Source data.
────────────────────────────────────────

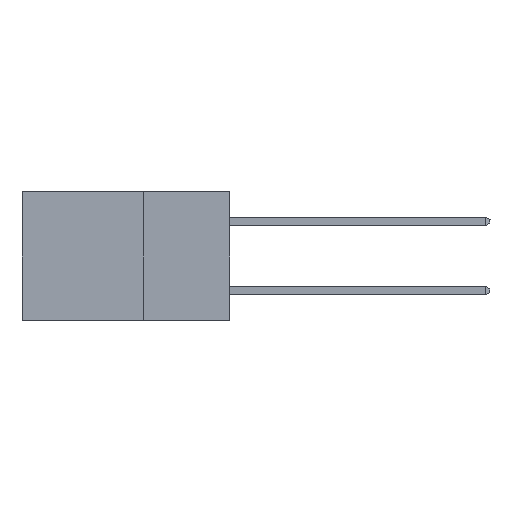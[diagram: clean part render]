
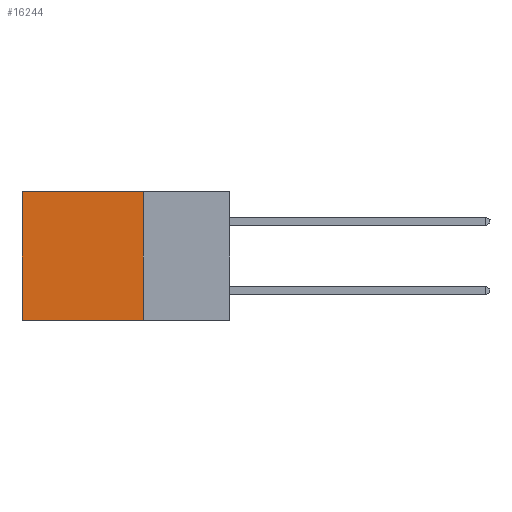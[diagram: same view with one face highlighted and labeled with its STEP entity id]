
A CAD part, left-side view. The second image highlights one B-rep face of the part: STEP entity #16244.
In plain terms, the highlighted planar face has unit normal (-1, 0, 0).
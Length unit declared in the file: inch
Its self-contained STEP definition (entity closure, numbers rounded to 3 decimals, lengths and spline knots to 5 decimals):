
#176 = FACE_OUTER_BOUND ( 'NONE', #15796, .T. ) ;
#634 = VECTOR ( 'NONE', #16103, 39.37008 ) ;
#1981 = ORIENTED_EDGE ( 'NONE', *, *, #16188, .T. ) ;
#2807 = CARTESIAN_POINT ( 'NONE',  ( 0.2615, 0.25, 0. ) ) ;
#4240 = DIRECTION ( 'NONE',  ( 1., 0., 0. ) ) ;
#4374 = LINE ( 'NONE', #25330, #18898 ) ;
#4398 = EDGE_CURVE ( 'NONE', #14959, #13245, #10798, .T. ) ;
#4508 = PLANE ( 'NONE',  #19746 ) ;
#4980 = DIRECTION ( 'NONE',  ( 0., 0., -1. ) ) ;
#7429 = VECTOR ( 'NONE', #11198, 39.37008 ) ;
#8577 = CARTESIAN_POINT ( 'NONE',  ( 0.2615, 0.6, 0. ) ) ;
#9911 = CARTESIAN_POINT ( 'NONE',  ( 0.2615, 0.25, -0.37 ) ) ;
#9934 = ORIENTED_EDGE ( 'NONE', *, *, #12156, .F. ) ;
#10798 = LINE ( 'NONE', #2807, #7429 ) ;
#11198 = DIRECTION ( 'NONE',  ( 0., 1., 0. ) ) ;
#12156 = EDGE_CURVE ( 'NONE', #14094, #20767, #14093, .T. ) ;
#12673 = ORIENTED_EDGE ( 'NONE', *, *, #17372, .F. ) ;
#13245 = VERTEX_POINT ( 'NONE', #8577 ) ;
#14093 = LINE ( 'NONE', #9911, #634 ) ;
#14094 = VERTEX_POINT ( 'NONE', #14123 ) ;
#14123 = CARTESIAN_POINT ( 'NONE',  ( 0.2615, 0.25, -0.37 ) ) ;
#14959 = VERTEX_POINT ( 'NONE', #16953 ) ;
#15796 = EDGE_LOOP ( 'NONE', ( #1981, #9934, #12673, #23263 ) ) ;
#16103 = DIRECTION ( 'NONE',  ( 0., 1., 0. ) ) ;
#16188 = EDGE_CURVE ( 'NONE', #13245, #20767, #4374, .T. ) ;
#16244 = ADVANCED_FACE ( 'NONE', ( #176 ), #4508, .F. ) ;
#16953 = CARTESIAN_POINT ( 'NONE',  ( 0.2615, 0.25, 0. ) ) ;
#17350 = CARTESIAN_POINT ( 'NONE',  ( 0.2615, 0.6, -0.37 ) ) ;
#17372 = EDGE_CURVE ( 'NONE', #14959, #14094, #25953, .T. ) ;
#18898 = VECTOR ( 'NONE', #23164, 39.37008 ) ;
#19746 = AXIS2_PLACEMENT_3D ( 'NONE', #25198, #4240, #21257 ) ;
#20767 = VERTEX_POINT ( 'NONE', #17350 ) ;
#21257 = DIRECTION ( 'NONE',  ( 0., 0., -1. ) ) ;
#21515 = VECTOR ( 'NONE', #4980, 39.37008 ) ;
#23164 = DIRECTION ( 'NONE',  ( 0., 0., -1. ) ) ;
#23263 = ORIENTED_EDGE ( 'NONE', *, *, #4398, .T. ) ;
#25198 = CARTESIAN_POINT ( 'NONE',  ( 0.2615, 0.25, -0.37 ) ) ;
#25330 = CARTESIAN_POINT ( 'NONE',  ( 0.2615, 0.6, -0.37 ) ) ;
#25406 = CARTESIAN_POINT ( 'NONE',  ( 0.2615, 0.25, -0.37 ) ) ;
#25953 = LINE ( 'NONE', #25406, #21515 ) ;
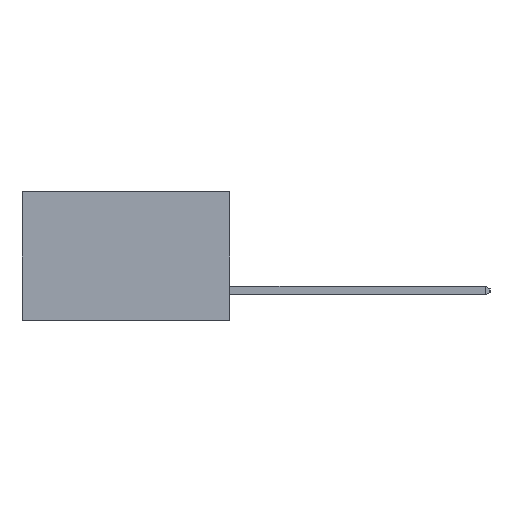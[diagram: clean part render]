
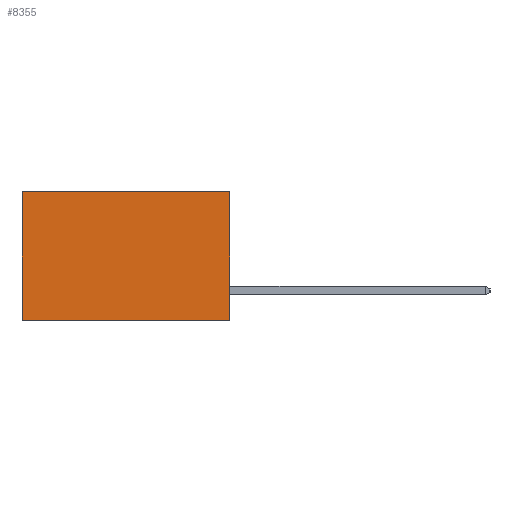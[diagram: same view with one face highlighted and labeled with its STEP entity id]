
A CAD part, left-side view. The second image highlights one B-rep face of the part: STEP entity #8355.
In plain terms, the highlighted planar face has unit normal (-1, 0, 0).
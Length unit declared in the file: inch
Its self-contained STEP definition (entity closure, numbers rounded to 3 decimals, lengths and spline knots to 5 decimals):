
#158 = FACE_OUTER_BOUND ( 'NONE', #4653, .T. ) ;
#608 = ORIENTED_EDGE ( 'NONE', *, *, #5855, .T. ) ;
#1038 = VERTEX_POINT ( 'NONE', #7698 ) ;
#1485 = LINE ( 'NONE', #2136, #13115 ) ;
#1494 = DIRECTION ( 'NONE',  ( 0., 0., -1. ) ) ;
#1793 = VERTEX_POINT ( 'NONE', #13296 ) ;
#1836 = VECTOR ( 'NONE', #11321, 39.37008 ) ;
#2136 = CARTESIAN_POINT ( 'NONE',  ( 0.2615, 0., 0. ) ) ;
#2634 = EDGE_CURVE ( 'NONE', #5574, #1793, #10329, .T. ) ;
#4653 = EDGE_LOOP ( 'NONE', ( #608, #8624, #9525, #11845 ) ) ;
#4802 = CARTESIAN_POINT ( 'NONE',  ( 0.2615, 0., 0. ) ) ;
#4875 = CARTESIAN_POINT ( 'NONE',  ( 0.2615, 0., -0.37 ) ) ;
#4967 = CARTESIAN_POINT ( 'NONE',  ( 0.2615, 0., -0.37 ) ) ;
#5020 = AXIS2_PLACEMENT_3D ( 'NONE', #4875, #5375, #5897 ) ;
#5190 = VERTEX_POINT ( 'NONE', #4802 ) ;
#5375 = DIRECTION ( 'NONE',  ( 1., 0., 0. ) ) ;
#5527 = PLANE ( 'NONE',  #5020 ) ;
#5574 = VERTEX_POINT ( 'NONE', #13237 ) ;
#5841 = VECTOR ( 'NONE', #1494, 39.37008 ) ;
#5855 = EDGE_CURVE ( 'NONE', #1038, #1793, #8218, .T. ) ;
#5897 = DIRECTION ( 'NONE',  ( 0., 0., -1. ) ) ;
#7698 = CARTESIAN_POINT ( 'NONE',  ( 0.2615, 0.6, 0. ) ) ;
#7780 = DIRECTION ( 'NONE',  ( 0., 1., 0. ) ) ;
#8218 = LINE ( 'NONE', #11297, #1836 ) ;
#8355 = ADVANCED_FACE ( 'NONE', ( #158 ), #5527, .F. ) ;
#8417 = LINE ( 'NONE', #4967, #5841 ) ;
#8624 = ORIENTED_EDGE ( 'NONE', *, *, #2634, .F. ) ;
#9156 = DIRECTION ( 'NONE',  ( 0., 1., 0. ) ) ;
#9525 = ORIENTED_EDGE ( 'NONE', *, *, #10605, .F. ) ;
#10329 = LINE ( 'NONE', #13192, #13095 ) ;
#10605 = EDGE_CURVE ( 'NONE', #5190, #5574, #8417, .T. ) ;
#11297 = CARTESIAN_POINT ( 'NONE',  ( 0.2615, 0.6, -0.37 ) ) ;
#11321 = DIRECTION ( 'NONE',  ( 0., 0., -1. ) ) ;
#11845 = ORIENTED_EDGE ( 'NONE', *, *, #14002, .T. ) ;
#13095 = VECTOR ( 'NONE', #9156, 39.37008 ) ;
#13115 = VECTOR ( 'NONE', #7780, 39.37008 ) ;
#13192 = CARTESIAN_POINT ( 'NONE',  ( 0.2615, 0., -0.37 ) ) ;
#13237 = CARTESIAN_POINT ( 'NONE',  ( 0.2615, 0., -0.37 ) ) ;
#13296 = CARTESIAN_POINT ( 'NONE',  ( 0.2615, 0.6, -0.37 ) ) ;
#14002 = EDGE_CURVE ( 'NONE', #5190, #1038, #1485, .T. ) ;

────────────────────────────────────────

Task prompt. Above is a listing; print exactly its lines from the one with "#1494 = DIRECTION" through the one with "#4967 = CARTESIAN_POINT", and no other lines.

Answer for this exercise.
#1494 = DIRECTION ( 'NONE',  ( 0., 0., -1. ) ) ;
#1793 = VERTEX_POINT ( 'NONE', #13296 ) ;
#1836 = VECTOR ( 'NONE', #11321, 39.37008 ) ;
#2136 = CARTESIAN_POINT ( 'NONE',  ( 0.2615, 0., 0. ) ) ;
#2634 = EDGE_CURVE ( 'NONE', #5574, #1793, #10329, .T. ) ;
#4653 = EDGE_LOOP ( 'NONE', ( #608, #8624, #9525, #11845 ) ) ;
#4802 = CARTESIAN_POINT ( 'NONE',  ( 0.2615, 0., 0. ) ) ;
#4875 = CARTESIAN_POINT ( 'NONE',  ( 0.2615, 0., -0.37 ) ) ;
#4967 = CARTESIAN_POINT ( 'NONE',  ( 0.2615, 0., -0.37 ) ) ;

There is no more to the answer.